_About this exercise_.
In the listing that follows, give every line again exactly and omit the pictures.

----------------------------------------

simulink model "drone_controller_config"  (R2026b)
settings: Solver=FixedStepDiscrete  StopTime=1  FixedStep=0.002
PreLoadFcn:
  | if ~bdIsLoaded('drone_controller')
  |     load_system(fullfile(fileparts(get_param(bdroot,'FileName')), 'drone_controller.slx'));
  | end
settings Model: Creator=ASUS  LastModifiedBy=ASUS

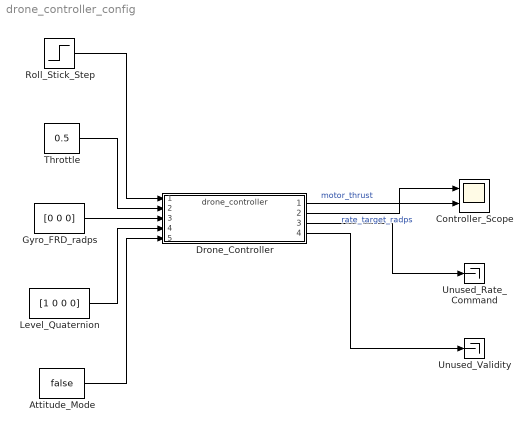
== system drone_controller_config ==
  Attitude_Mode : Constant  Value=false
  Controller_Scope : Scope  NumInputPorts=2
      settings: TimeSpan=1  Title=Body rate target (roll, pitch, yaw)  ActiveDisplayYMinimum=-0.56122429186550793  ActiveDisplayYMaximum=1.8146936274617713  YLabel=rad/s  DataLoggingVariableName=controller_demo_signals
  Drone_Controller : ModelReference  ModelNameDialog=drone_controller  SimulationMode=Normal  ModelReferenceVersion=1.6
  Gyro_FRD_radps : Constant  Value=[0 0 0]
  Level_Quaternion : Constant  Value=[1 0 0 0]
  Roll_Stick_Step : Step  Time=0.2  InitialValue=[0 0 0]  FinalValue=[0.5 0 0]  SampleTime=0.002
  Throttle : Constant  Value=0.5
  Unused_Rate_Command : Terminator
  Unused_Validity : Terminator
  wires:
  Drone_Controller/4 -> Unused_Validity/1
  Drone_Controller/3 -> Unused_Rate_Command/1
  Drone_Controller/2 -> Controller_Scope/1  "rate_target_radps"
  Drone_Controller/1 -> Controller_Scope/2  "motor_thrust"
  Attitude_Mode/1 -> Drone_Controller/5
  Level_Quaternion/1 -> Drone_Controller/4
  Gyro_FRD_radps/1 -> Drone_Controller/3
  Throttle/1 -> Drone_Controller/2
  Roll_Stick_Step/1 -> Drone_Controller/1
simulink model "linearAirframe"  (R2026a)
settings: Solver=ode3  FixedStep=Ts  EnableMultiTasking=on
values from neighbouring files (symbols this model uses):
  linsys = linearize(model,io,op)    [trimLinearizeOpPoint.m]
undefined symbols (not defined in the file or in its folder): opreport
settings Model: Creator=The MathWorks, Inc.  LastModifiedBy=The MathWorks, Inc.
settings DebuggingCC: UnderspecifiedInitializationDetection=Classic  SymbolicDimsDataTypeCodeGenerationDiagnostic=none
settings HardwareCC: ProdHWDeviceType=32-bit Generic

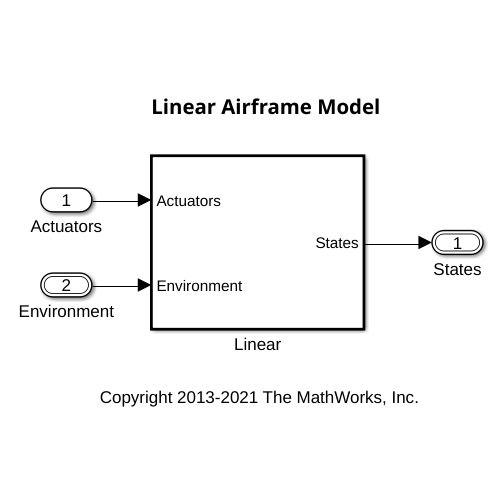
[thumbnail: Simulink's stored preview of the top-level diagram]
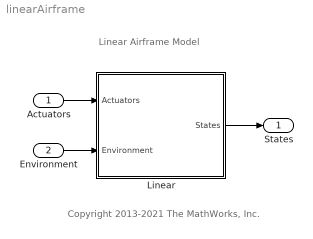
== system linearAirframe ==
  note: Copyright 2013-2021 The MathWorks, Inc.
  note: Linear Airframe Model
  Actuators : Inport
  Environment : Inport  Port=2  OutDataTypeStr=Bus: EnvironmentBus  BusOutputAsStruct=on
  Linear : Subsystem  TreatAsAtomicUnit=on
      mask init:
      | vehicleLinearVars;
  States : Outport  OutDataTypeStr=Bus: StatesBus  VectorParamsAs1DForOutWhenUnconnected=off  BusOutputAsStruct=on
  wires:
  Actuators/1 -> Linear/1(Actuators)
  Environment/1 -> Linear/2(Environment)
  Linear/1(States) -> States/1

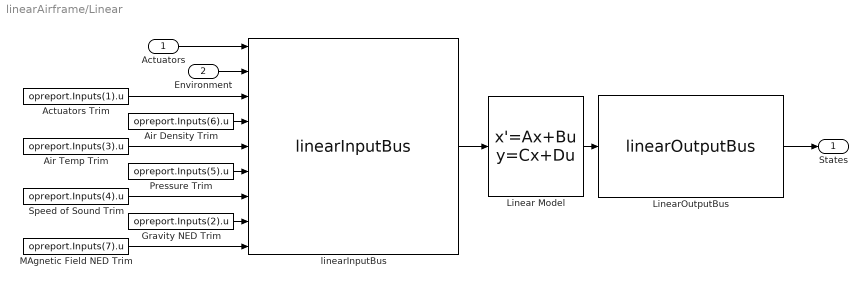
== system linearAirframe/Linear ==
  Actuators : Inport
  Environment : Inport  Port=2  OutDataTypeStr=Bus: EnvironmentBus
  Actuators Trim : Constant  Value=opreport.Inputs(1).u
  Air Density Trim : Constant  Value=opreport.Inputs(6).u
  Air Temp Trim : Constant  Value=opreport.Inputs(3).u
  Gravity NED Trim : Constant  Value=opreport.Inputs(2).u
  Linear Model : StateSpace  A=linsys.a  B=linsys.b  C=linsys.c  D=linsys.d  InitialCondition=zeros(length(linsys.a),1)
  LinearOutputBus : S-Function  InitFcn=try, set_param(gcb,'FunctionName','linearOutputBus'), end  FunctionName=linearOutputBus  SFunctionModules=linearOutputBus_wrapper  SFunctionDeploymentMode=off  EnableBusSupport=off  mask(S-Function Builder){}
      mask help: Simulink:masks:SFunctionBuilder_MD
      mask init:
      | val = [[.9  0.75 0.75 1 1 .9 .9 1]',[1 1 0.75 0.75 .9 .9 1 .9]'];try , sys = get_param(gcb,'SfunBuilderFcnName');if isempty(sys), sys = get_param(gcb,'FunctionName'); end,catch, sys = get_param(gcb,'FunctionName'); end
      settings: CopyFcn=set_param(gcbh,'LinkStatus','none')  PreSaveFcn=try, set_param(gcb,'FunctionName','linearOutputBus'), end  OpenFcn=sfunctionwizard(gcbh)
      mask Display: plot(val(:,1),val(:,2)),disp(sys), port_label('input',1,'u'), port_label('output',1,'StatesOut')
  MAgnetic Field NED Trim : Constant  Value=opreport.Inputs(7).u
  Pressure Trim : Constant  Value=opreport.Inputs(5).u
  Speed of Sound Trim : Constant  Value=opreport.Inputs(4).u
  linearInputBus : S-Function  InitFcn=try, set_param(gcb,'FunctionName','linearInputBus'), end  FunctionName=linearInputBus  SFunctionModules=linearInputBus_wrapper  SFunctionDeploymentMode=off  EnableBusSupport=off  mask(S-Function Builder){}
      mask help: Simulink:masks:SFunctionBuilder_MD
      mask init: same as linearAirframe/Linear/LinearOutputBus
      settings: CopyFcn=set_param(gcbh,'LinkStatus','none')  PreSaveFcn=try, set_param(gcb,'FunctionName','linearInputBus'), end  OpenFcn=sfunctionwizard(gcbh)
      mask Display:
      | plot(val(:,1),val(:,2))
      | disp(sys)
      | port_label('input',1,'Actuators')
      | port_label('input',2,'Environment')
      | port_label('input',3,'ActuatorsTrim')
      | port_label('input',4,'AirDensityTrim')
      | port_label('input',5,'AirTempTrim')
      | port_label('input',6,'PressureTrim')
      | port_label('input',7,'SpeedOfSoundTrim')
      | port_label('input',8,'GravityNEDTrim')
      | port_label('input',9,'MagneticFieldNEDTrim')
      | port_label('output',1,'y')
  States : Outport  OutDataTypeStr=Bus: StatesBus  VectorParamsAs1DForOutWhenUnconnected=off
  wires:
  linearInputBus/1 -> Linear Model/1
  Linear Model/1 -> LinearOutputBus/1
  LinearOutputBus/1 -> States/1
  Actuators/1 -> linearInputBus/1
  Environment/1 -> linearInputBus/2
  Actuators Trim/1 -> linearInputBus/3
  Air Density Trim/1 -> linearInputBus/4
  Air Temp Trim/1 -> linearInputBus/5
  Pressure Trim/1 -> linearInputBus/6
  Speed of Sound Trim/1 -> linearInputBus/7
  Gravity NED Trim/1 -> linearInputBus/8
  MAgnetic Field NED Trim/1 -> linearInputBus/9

----------------------------------------

_Output for this task_.
simulink model "drone_controller_config"  (R2026b)
settings: Solver=FixedStepDiscrete  StopTime=1  FixedStep=0.002
PreLoadFcn:
  | if ~bdIsLoaded('drone_controller')
  |     load_system(fullfile(fileparts(get_param(bdroot,'FileName')), 'drone_controller.slx'));
  | end
settings Model: Creator=ASUS  LastModifiedBy=ASUS

== system drone_controller_config ==
  Attitude_Mode : Constant  Value=false
  Controller_Scope : Scope  NumInputPorts=2
      settings: TimeSpan=1  Title=Body rate target (roll, pitch, yaw)  ActiveDisplayYMinimum=-0.56122429186550793  ActiveDisplayYMaximum=1.8146936274617713  YLabel=rad/s  DataLoggingVariableName=controller_demo_signals
  Drone_Controller : ModelReference  ModelNameDialog=drone_controller  SimulationMode=Normal  ModelReferenceVersion=1.6
  Gyro_FRD_radps : Constant  Value=[0 0 0]
  Level_Quaternion : Constant  Value=[1 0 0 0]
  Roll_Stick_Step : Step  Time=0.2  InitialValue=[0 0 0]  FinalValue=[0.5 0 0]  SampleTime=0.002
  Throttle : Constant  Value=0.5
  Unused_Rate_Command : Terminator
  Unused_Validity : Terminator
  wires:
  Drone_Controller/4 -> Unused_Validity/1
  Drone_Controller/3 -> Unused_Rate_Command/1
  Drone_Controller/2 -> Controller_Scope/1  "rate_target_radps"
  Drone_Controller/1 -> Controller_Scope/2  "motor_thrust"
  Attitude_Mode/1 -> Drone_Controller/5
  Level_Quaternion/1 -> Drone_Controller/4
  Gyro_FRD_radps/1 -> Drone_Controller/3
  Throttle/1 -> Drone_Controller/2
  Roll_Stick_Step/1 -> Drone_Controller/1
simulink model "linearAirframe"  (R2026a)
settings: Solver=ode3  FixedStep=Ts  EnableMultiTasking=on
values from neighbouring files (symbols this model uses):
  linsys = linearize(model,io,op)    [trimLinearizeOpPoint.m]
undefined symbols (not defined in the file or in its folder): opreport
settings Model: Creator=The MathWorks, Inc.  LastModifiedBy=The MathWorks, Inc.
settings DebuggingCC: UnderspecifiedInitializationDetection=Classic  SymbolicDimsDataTypeCodeGenerationDiagnostic=none
settings HardwareCC: ProdHWDeviceType=32-bit Generic

[thumbnail: Simulink's stored preview of the top-level diagram]
== system linearAirframe ==
  note: Copyright 2013-2021 The MathWorks, Inc.
  note: Linear Airframe Model
  Actuators : Inport
  Environment : Inport  Port=2  OutDataTypeStr=Bus: EnvironmentBus  BusOutputAsStruct=on
  Linear : Subsystem  TreatAsAtomicUnit=on
      mask init:
      | vehicleLinearVars;
  States : Outport  OutDataTypeStr=Bus: StatesBus  VectorParamsAs1DForOutWhenUnconnected=off  BusOutputAsStruct=on
  wires:
  Actuators/1 -> Linear/1(Actuators)
  Environment/1 -> Linear/2(Environment)
  Linear/1(States) -> States/1

== system linearAirframe/Linear ==
  Actuators : Inport
  Environment : Inport  Port=2  OutDataTypeStr=Bus: EnvironmentBus
  Actuators Trim : Constant  Value=opreport.Inputs(1).u
  Air Density Trim : Constant  Value=opreport.Inputs(6).u
  Air Temp Trim : Constant  Value=opreport.Inputs(3).u
  Gravity NED Trim : Constant  Value=opreport.Inputs(2).u
  Linear Model : StateSpace  A=linsys.a  B=linsys.b  C=linsys.c  D=linsys.d  InitialCondition=zeros(length(linsys.a),1)
  LinearOutputBus : S-Function  InitFcn=try, set_param(gcb,'FunctionName','linearOutputBus'), end  FunctionName=linearOutputBus  SFunctionModules=linearOutputBus_wrapper  SFunctionDeploymentMode=off  EnableBusSupport=off  mask(S-Function Builder){}
      mask help: Simulink:masks:SFunctionBuilder_MD
      mask init:
      | val = [[.9  0.75 0.75 1 1 .9 .9 1]',[1 1 0.75 0.75 .9 .9 1 .9]'];try , sys = get_param(gcb,'SfunBuilderFcnName');if isempty(sys), sys = get_param(gcb,'FunctionName'); end,catch, sys = get_param(gcb,'FunctionName'); end
      settings: CopyFcn=set_param(gcbh,'LinkStatus','none')  PreSaveFcn=try, set_param(gcb,'FunctionName','linearOutputBus'), end  OpenFcn=sfunctionwizard(gcbh)
      mask Display: plot(val(:,1),val(:,2)),disp(sys), port_label('input',1,'u'), port_label('output',1,'StatesOut')
  MAgnetic Field NED Trim : Constant  Value=opreport.Inputs(7).u
  Pressure Trim : Constant  Value=opreport.Inputs(5).u
  Speed of Sound Trim : Constant  Value=opreport.Inputs(4).u
  linearInputBus : S-Function  InitFcn=try, set_param(gcb,'FunctionName','linearInputBus'), end  FunctionName=linearInputBus  SFunctionModules=linearInputBus_wrapper  SFunctionDeploymentMode=off  EnableBusSupport=off  mask(S-Function Builder){}
      mask help: Simulink:masks:SFunctionBuilder_MD
      mask init: same as linearAirframe/Linear/LinearOutputBus
      settings: CopyFcn=set_param(gcbh,'LinkStatus','none')  PreSaveFcn=try, set_param(gcb,'FunctionName','linearInputBus'), end  OpenFcn=sfunctionwizard(gcbh)
      mask Display:
      | plot(val(:,1),val(:,2))
      | disp(sys)
      | port_label('input',1,'Actuators')
      | port_label('input',2,'Environment')
      | port_label('input',3,'ActuatorsTrim')
      | port_label('input',4,'AirDensityTrim')
      | port_label('input',5,'AirTempTrim')
      | port_label('input',6,'PressureTrim')
      | port_label('input',7,'SpeedOfSoundTrim')
      | port_label('input',8,'GravityNEDTrim')
      | port_label('input',9,'MagneticFieldNEDTrim')
      | port_label('output',1,'y')
  States : Outport  OutDataTypeStr=Bus: StatesBus  VectorParamsAs1DForOutWhenUnconnected=off
  wires:
  linearInputBus/1 -> Linear Model/1
  Linear Model/1 -> LinearOutputBus/1
  LinearOutputBus/1 -> States/1
  Actuators/1 -> linearInputBus/1
  Environment/1 -> linearInputBus/2
  Actuators Trim/1 -> linearInputBus/3
  Air Density Trim/1 -> linearInputBus/4
  Air Temp Trim/1 -> linearInputBus/5
  Pressure Trim/1 -> linearInputBus/6
  Speed of Sound Trim/1 -> linearInputBus/7
  Gravity NED Trim/1 -> linearInputBus/8
  MAgnetic Field NED Trim/1 -> linearInputBus/9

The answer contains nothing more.